Shi's family was notified that the journalist was held being in Changsha under suspicion of "leaking state secrets," an extremely serious charge punishable by lengthy imprisonment or death. The charge also makes it very difficult for a defense lawyer to meet with Shi because of the secrecy with which the government treats this type of case. Authorities did not tell his family exactly what brought about the charge.
Until May, Shi was a journalist for the daily Dangdai Shang Bao (Contemporary Trade News), which is based in Changsha. Shi has also written essays for overseas Internet forums, including Minzhu Luntan (Democracy Forum). In an essay he posted in April titled "The Most Disgusting Day," Shi criticized the Chinese government for the March 28 detention of Ding Zilin, an activist for the Tiananmen Mothers group whose 17-year-old son was killed in the 1989 Tiananmen Square massacre.
According to CPJ research, China is the world's leading jailer of journalists, with 42 behind bars.
DECEMBER 3, 2004
Posted: March 28, 2005
Zheng Yichun, Freelance
IMPRISONED, LEGAL ACTION
Zheng Yichun, a prolific Internet writer and poet, was imprisoned in Yingkou on December 3, 2004, state media reported several weeks later.
Yingkou Ribao (Yingkou Daily News) reported on February 24 that authorities in Yingkou, in Liaoning Province, had officially arrested Zheng on suspicion of inciting subversion. Zheng's family was warned not to publicize his arrest, and was silent before state news reported it.
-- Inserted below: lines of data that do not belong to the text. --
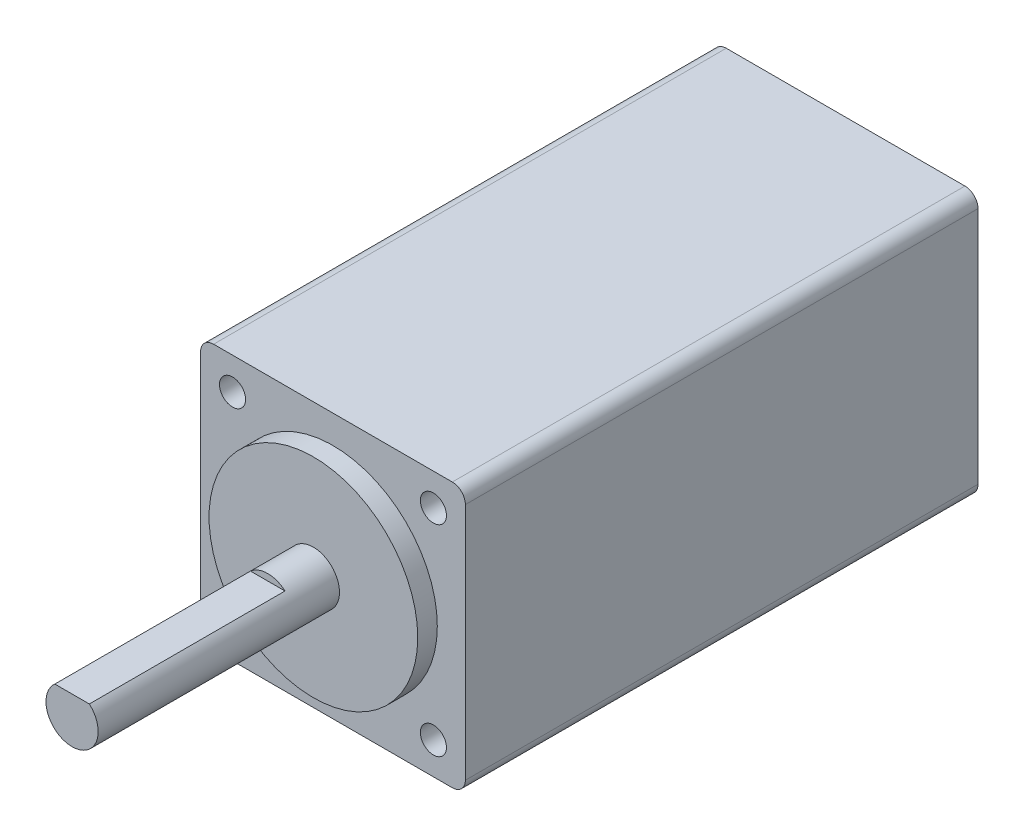
from build123d import *

# Parameters (mm, degrees)
SKETCH1_W           = 20.3
SKETCH1_H           = 20.3
BOSS_EXTRUDE1_DEPTH = 39.3
FILLET1_R           = 1
SKETCH2_R           = 1
CUT_EXTRUDE1_DEPTH  = 2.5
SKETCH3_R           = 8
BOSS_EXTRUDE2_DEPTH = 1.5
SKETCH5_R           = 2
BOSS_EXTRUDE3_DEPTH = 20
CUT_EXTRUDE2_START  = -15
CUT_EXTRUDE2_DEPTH  = 15


with BuildPart() as part:
    # Sketch1 → Boss-Extrude1 (new body)
    with BuildSketch(Plane.XY):
        Rectangle(SKETCH1_W, SKETCH1_H)
    extrude(amount=BOSS_EXTRUDE1_DEPTH)

    # Fillet1
    fillet1_edges = [part.edges().sort_by_distance(p)[0] for p in [
        (-10.15, 10.15, 19.65),
        (10.15, 10.15, 19.65),
        (10.15, -10.15, 19.65),
        (-10.15, -10.15, 19.65),
    ]]
    fillet(fillet1_edges, radius=FILLET1_R)

    # Sketch2 → Cut-Extrude1 (cut)
    with BuildSketch(Plane.XY.offset(39.3)):
        with Locations((-7.7, 7.7)):
            Circle(SKETCH2_R)
        with Locations((-7.7, -7.7)):
            Circle(SKETCH2_R)
        with Locations((7.7, -7.7)):
            Circle(SKETCH2_R)
        with Locations((7.7, 7.7)):
            Circle(SKETCH2_R)
    extrude(amount=-CUT_EXTRUDE1_DEPTH, mode=Mode.SUBTRACT)

    # Sketch3 → Boss-Extrude2 (add)
    with BuildSketch(Plane.XY.offset(39.3)):
        Circle(SKETCH3_R)
    extrude(amount=BOSS_EXTRUDE2_DEPTH)

    # Sketch5 → Boss-Extrude3 (add)
    with BuildSketch(Plane.XY.offset(39.3)):
        Circle(SKETCH5_R)
    extrude(amount=BOSS_EXTRUDE3_DEPTH)

    # Sketch6 → Cut-Extrude2 (cut)
    with BuildSketch(Plane.XY.offset(59.3).offset(CUT_EXTRUDE2_START)):
        with BuildLine():
            Line((-1.322875656, 1.5), (1.322875656, 1.5))
            ThreePointArc((1.322875656, 1.5), (0, 2), (-1.322875656, 1.5))
        make_face()
    extrude(amount=CUT_EXTRUDE2_DEPTH, mode=Mode.SUBTRACT)


solid = part.part

Zheng was a regular contributor to overseas online news sites including Dajiyuan (Epoch Times), which is connected to the Falun Gong spiritual movement. He has been harshly critical of the Communist Party. In one of his most recent essays on November 25, he blasted the limited news coverage available to Chinese citizens through the party-run broadcast and print media.
DECEMBER 13, 2004
Posted: December 14, 2004
Liu Xiaobo, freelance
Yu Jie, freelance
Liu and Yu, two prominent writers and defenders of imprisoned journalists in China, were detained and released the next morning after being warned to stop writing reports critical of the Chinese government.
Officers from the Beijing National Security Bureau took Liu and his wife, Liu Xia, from their home in Beijing in the late afternoon of December 13, according to the Writers in Prison Committee of International PEN. Security police arrived at the house of Yu shortly thereafter.
The two writers were detained on suspicion of "endangering state security."
Released On December 14, Yu told Reuters that police appeared to be preparing a case against him. "They said my essays attacked the Communist Party, the government, and the leadership and seriously violated the constitution," Yu told Reuters.
Police asked Yu to sign and fingerprint copies of his articles printed from the Internet and released him only after copying all documents from his computer, according to international news reports.
Yu and Liu are founding members of the Independent Chinese PEN Center (ICPC), which advocates for the release of imprisoned writers, poets, and journalists in China.
Yu is a prominent writer whose fiction, social criticism, and political commentary have been banned in China. He was one of six intellectuals who recently drafted a proposal that Mao's corpse be removed from the mausoleum in Tiananmen Square.
Liu, president of ICPC, is a leading activist and writer who was imprisoned in the 1990s after he was accused of serving as an organizer in the democracy movement of 1989. He recently posted articles online advocating for the release of imprisoned poet and journalist Shi Tao. Liu was also an outspoken defender of Internet dissident Du Daobin, who was released from prison earlier this year.
The detention of Yu and Liu follows a pattern of harassment of intellectuals and journalists in China that has intensified since President Hu Jintao consolidated his leadership in the Communist Party by assuming command of the military in September.